# Gibraltar, Morrisons and Parking



## Annsman

Hi we are thinking of toddling along to Morrisons, like you do! And wondered if it is easy to get the van onto their carpark and can you stay overnight, or is there anywhere on Gib. that you can park up overnight.

We have heard tales that it officially an no-no, but when you're there you can find a spot fairly easy.

I have looked on a thread via the search facility but the last entry was 2005, so it ain't that topical!

Steve


----------



## ActiveCampers

officially no you can't camp overnight but you could get away with it at Europa Point. Not that nice a place but if you must you must.
As for Morissons - no you can't camp there. Car park was full ish - we got in but with a big van you may have issues/
We wild camped just outside Gibraltar (in Spain) on the flat sandy bit just past the passport office. Its signed (about 1/2 mile away!!) for caravans and lorries. We had no issues in 3 days and were never alone.
HTH

PS parking outside means you can go in as many times as you like to get 200 B&H for £12!!!!
PPS - drive in first time - diesel at morrisons is cheap


----------



## medsteps

im interested in doing the same thing, if parking at morrisons is a no no then if we parked just across the border do you think it would be ok to take a dog across with you as i saw on an old web site that dogs where not allowed in. I lived out in gib for a few years and they where always keen on the dog issue( rabies ) as some strays came through the border from spain 
cheers Edd


----------



## chalky9

I'm pretty sure you can take a dog across the border into Gib provided you have its passport and everything is up to date. 

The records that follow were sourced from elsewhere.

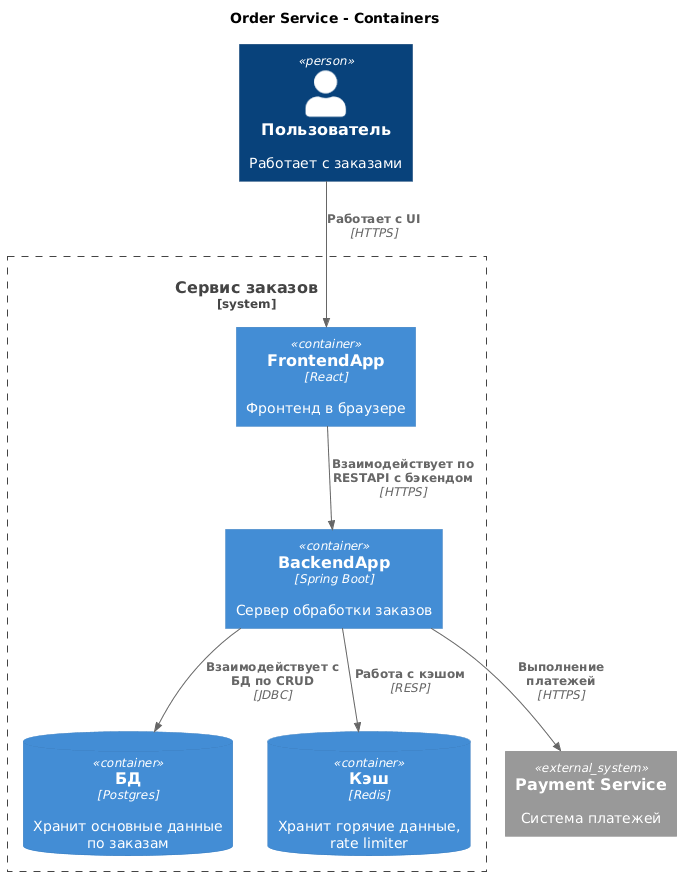

The diagram above was rendered by PlantUML. Its source (embedded in the PNG):
@startuml
!include https://raw.githubusercontent.com/plantuml-stdlib/C4-PlantUML/master/C4_Container.puml

title Order Service - Containers

Person(user, 'Пользователь', 'Работает с заказами')

System_Boundary(orderSystem, 'Сервис заказов') {
  Container(web, 'FrontendApp', 'React', 'Фронтенд в браузере')
  Container(backendApp, 'BackendApp', 'Spring Boot', 'Сервер обработки заказов')
  ContainerDb(pgsql, 'БД', 'Postgres', 'Хранит основные данные по заказам')
  ContainerDb(cache, 'Кэш', 'Redis', 'Хранит горячие данные, rate limiter')
}

System_Ext(paymentService, 'Payment Service', 'Система платежей')

Rel(user, web, 'Работает с UI', 'HTTPS')
Rel(web, backendApp, 'Взаимодействует по RESTAPI c бэкендом', 'HTTPS')
Rel(backendApp, pgsql, 'Взаимодействует с БД по CRUD', 'JDBC')
Rel(backendApp, cache, 'Работа с кэшом', 'RESP')
Rel(backendApp, paymentService, 'Выполнение платежей', 'HTTPS')
@enduml

As ActiveCampers say(s), the Morrisons car park is usually quite full and it would be difficult to find space for a motorhome. Also bear in mind that the roads on Gib are generally quite narrow and crowded - particularly with scooters which dart in and out with reckless abandon!


----------



## 38Rover

No problem taking the van into Morrison's car park but it does get quite full sometimes 3 hour limit I think.
Europa point has plenty of parking not sure about overnight.
We go to Gib about 4 times a year shopping in Morrisons always take the 3 dogs but never challenged at the border we do also take all their paperwork in case.
Avoid leaving Gib at 4.30 to 6.0pm tends to be very long queues to exit has taken us over an hour to get out at that time.


----------



## Patrick_Phillips

We made this trip to Morrison's about 10 days ago and concur with everything ActiveCamper has said.
The only thing I would add is that Diesel at Morrisons was priced at 63.5 pence or 72.1 Eurocents. Obviously we paid in sterling.
When we asked about the strange exchange rate, the cashier just said "Yes, it is weird, isn't it!" :roll: 
We reckon they buy from the UK and want the sterling just to avoid exchange costs... 8) 
Patrick


----------



## medsteps

Steve 
maybe try eastern beach when i was last in Gib 2yrs ago i saw 2 motorhomes parked there its quite a large flat area and and only 10 mins from Morrisons
ito gib turn left at the roundabout take a left after the cemetery and your there sea view and all
Edd


----------



## slaphead

*parking gib*

the flat sandy bit to the left of gib(la linea)loads of parking or further round the coast passed this parking area..on coast road.
check pet passport web site . :wink: not worth taking the MH in as the driving is a bit tight and very busy.


----------



## Annsman

Just to answer my own question and give info to anyone going there.

The parking on the spare ground next to the border was fine, if a bit noisy. There were about 10 vans all told. Lots of trucks use it too, so make sure you're not near one with a fridge trailer!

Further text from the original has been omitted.